They are given by Viète's formulas, which in the case of monic polynomials are equivalent to the elementary symmetric polynomials in the $a_i$.
The coefficient of degree $k$ will be the sum of all possible products of $n-k$ distinct factors taken from $a_1,\ldots,a_n$. There are $\binom{n}{n-k} = \frac{n!}{k!(n-k)!}$ such products.

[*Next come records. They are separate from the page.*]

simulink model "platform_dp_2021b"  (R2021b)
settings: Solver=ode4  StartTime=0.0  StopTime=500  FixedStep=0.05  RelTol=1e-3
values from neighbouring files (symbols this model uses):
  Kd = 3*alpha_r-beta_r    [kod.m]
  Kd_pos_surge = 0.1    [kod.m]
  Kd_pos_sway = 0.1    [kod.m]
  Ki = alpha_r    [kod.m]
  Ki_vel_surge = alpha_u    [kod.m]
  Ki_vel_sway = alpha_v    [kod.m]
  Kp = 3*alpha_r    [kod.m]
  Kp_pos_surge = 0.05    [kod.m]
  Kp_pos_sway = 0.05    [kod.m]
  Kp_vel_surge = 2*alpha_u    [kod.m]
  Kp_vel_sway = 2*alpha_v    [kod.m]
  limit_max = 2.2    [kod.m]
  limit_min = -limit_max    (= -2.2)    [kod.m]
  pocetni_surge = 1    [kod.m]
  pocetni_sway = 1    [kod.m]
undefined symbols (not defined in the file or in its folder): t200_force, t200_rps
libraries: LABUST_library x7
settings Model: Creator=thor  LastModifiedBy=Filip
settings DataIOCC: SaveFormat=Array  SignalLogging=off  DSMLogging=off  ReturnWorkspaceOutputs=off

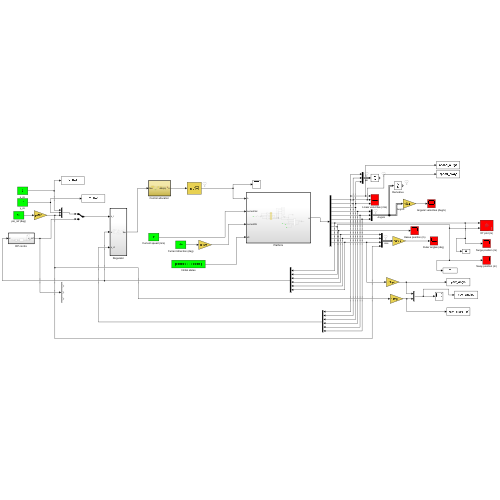
[thumbnail: Simulink's stored preview of the top-level diagram]
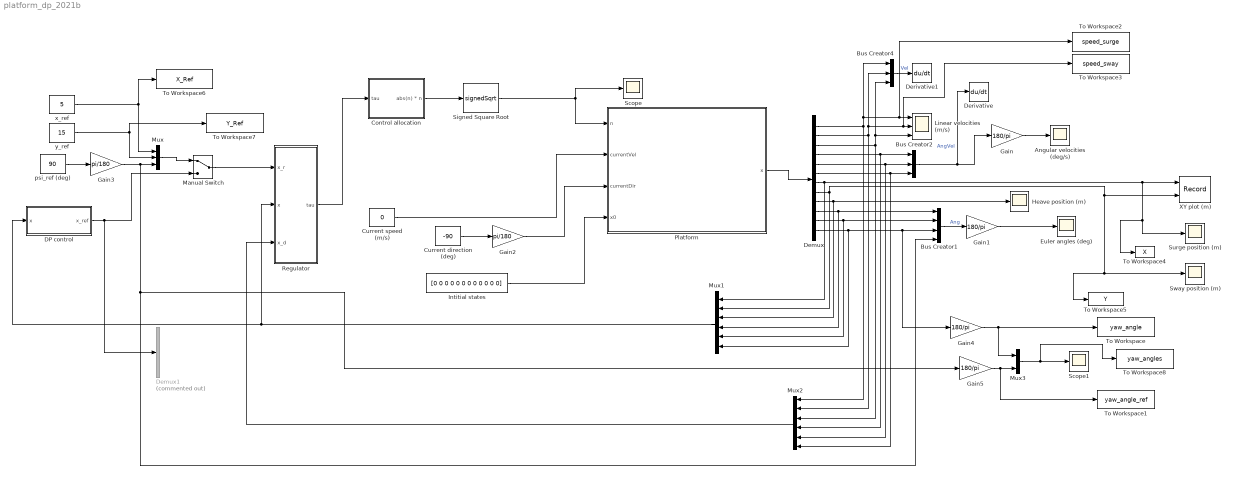
== system platform_dp_2021b ==
  Angular velocities (deg/s) : Scope
  Bus Creator1 : BusCreator  Inputs=4
  Bus Creator2 : BusCreator  Inputs=3
  Bus Creator4 : BusCreator  Inputs=3
  Control allocation : Subsystem  TreatAsAtomicUnit=on
  Current direction (deg) : Constant  Value=-90
  Current speed (m/s) : Constant  Value=0
  DP control : Subsystem  TreatAsAtomicUnit=on
      settings: MinAlgLoopOccurrences=on
  Demux : Demux  Outputs=12
  Demux1 : Demux  Commented=on  Outputs=3
  Derivative : Derivative
  Derivative1 : Derivative
  Euler angles (deg) : Scope
  Gain{,1,4..5} (4 alike) : Gain  Gain=180/pi
  Gain2 : Gain  Gain=pi/180
  Gain3 : Gain  Gain=pi/180
  Heave position (m) : Scope
  Intitial states : Constant  Value=[0 0 0 0 0 0 0 0 0 0 0 0]
  Linear velocities (m/s) : Scope  NumInputPorts=3
  Manual Switch : ManualSwitch
  Mux : Mux  Inputs=3
  Mux1 : Mux  Inputs=6
  Mux2 : Mux  Inputs=6
  Mux3 : Mux  Inputs=2
  Platform : Subsystem  TreatAsAtomicUnit=on
      settings: MinAlgLoopOccurrences=on
  Regulator : Subsystem  TreatAsAtomicUnit=on
  Scope : Scope
  Scope1 : Scope
  Signed Square Root : Sqrt  Operator=signedSqrt  SaturateOnIntegerOverflow=on
  Surge position (m) : Scope
  Sway position (m) : Scope
  To Workspace : ToWorkspace  VariableName=yaw_angle  SaveFormat=Timeseries  SampleTime=-1
  To Workspace1 : ToWorkspace  VariableName=yaw_angle_ref  SaveFormat=Timeseries  SampleTime=-1
  To Workspace2 : ToWorkspace  VariableName=speed_surge  SaveFormat=Timeseries  SampleTime=-1
  To Workspace3 : ToWorkspace  VariableName=speed_sway  SaveFormat=Timeseries  SampleTime=-1
  To Workspace4 : ToWorkspace  VariableName=X  SaveFormat=Timeseries  SampleTime=-1
  To Workspace5 : ToWorkspace  VariableName=Y  SaveFormat=Timeseries  SampleTime=-1
  To Workspace6 : ToWorkspace  VariableName=X_Ref  SaveFormat=Timeseries  SampleTime=-1
  To Workspace7 : ToWorkspace  VariableName=Y_Ref  SaveFormat=Timeseries  SampleTime=-1
  To Workspace8 : ToWorkspace  VariableName=yaw_angles  SaveFormat=Timeseries  SampleTime=-1
  XY plot (m) : Record  FileSettingsInternal="{\"entries\":[{\"content\":{\"excelSettings\":{\"content\":{},\"type\":\"Streamout.ExcelSettings\"}},\"type\":\"Streamout.FileSettingStorage\",\"uuid\":\"f6c939ad-3c6c-47f6-b630-397268ba4e02\"}],\"packageUris\":[\"http://schema.mathworks.com/mf0/streamout_blocks/R2020a\"],\"version\":\"1.0\"}"  Layout=[1 1]  SignalsInternal="{\"entries\":[{\"content\":{\"signals\":[{\"content\":{\"blockPath\":[\"platform_dp_2021b/XY plot (m)\"],\"channel\":[],\"dimensions\":[1],\"domain\":\"platform_dp_2021b/XY plot (m)\",\"lineColor\":\"#a2142f\",\"plots\":[1],\"port\":1,\"sid\":[],\"signalID\":26,\"signalName\":\"Demux:7\"},\"type\":\"RecordBlkView.Signal\",\"uuid\":\"c9e5ced9-c3c6-4cfe-b485-63496ada43a6\"},{\"content\":{\"blockPath\":[\"platform_dp_2021b/XY plot (m)\"],\"channel\":[],\"dimensions\":[1],\"domain\":\"platform_dp_2021b/XY plot (m)\",\"lineColor\":\"#139fff\",\"plots\":[1],\"port\":2,\"sid\":[],\"signalID\":29,\"signalName\":\"Demux:8\"},\"type\":\"RecordBlkView.Signal\",\"uuid\":\"c26e96c1-7e93-4fdd-b2af-f7d2bbcdf98a\"}]},\"type\":\"RecordBlkView.InputSignals\",\"uuid\":\"881e7a22-5157-46d7-a09a-0495ef89bb52\"}],\"packageUris\":[\"http://schema.mathworks.com/mf0/streamout_blocks/R2020a\"],\"version\":\"1.0\"}"  VisualizationBindings="{\"xyplotplugin\":{\"info\":[{\"series\":[{\"bindingParametersList\":[{\"parameter\":\"X-Axis\",\"signalID\":26,\"signalName\":\"Demux:7\"},{\"parameter\":\"Y-Axis\",\"signalID\":29,\"signalName\":\"Demux:8\"}],\"seriesID\":55077}],\"subplotID\":1}]}}"  CompatibilityTag=XY  st=-1
  psi_ref (deg) : Constant  Value=90
  x_ref : Constant  Value=5
  y_ref : Constant  Value=15
  wires:
  Demux/1 -> Bus Creator4/1, To Workspace2/1, Linear velocities (m/s)/1, Mux2/1
  Demux/2 -> To Workspace3/1, Linear velocities (m/s)/2, Bus Creator4/2, Mux2/2
  Demux/3 -> Linear velocities (m/s)/3, Bus Creator4/3, Mux2/3
  Demux/4 -> Mux2/4, Bus Creator2/1
  Demux/5 -> Mux2/5, Bus Creator2/2
  Bus Creator2/1 -> Derivative/1, Gain/1  "AngVel"
  Current speed (m/s)/1 -> Platform/2(currentVel)
  Current direction (deg)/1 -> Gain2/1
  Intitial states/1 -> Platform/4(x0)
  Gain/1 -> Angular velocities (deg/s)/1
  Gain1/1 -> Euler angles (deg)/1
  Gain2/1 -> Platform/3(currentDir)
  Demux/6 -> Mux2/6, Bus Creator2/3
  Gain3/1 -> Mux/3, Gain5/1, Bus Creator1/4
  Bus Creator1/1 -> Gain1/1  "Ang"
  Control allocation/1(abs(n) * n) -> Signed Square Root/1
  Bus Creator4/1 -> Derivative1/1  "Vel"
  y_ref/1 -> To Workspace7/1, Mux/2
  Mux2/1 -> Regulator/3(x_d)
  Platform/1(x) -> Demux/1
  Signed Square Root/1 -> Platform/1(n), Scope/1
  Regulator/1(tau) -> Control allocation/1(tau)
  Mux/1 -> Manual Switch/1
  Manual Switch/1 -> Regulator/1(x_r)
  DP control/1(x_ref) -> Demux1/1, Manual Switch/2
  Mux1/1 -> DP control/1(x), Regulator/2(x)
  Demux/7 -> Mux1/1, Surge position (m)/1, To Workspace4/1, XY plot (m)/1
  Demux/8 -> To Workspace5/1, Sway position (m)/1, XY plot (m)/2, Mux1/2
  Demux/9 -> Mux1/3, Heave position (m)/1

For example, if $n=7$, then the coefficient of $x^2$ will be $\begin{align*} a_1a_2a_3a_4a_5 &+a_1a_2a_3a_4a_6 + a_1a_2a_3a_4a_7 + a_1a_2a_3a_5a_6 +a_1a_2a_3a_5a_7\\ &+ a_1a_2a_3a_6a_7 + a_1a_2a_4a_5a_6 + a_1a_2a_4a_5a_7 +a_1a_2a_4a_6a_7\\ &+ a_1a_2a_5a_6a_7+ a_1a_3a_4a_5a_6 + a_1a_3a_4a_5a_7 +a_1a_3a_4a_6a_7\\ &+ a_1a_3a_5a_6a_7 + a_1a_4a_5a_6a_7 + a_2a_3a_4a_5a_6 + a_2a_3a_4a_5a_7\\&+ a_2a_3a_4a_6a_7 + a_2a_3a_5a_6a_7 + a_2a_4a_5a_6a_7 + a_3a_4a_5a_6a_7. \end{align*}$ All $\frac{7!}{2!5!} = \frac{7\times 6}{2} = 21$ possible products of five distinct factors taken from $a_1,a_2,a_3,a_4,a_5,a_6,a_7$.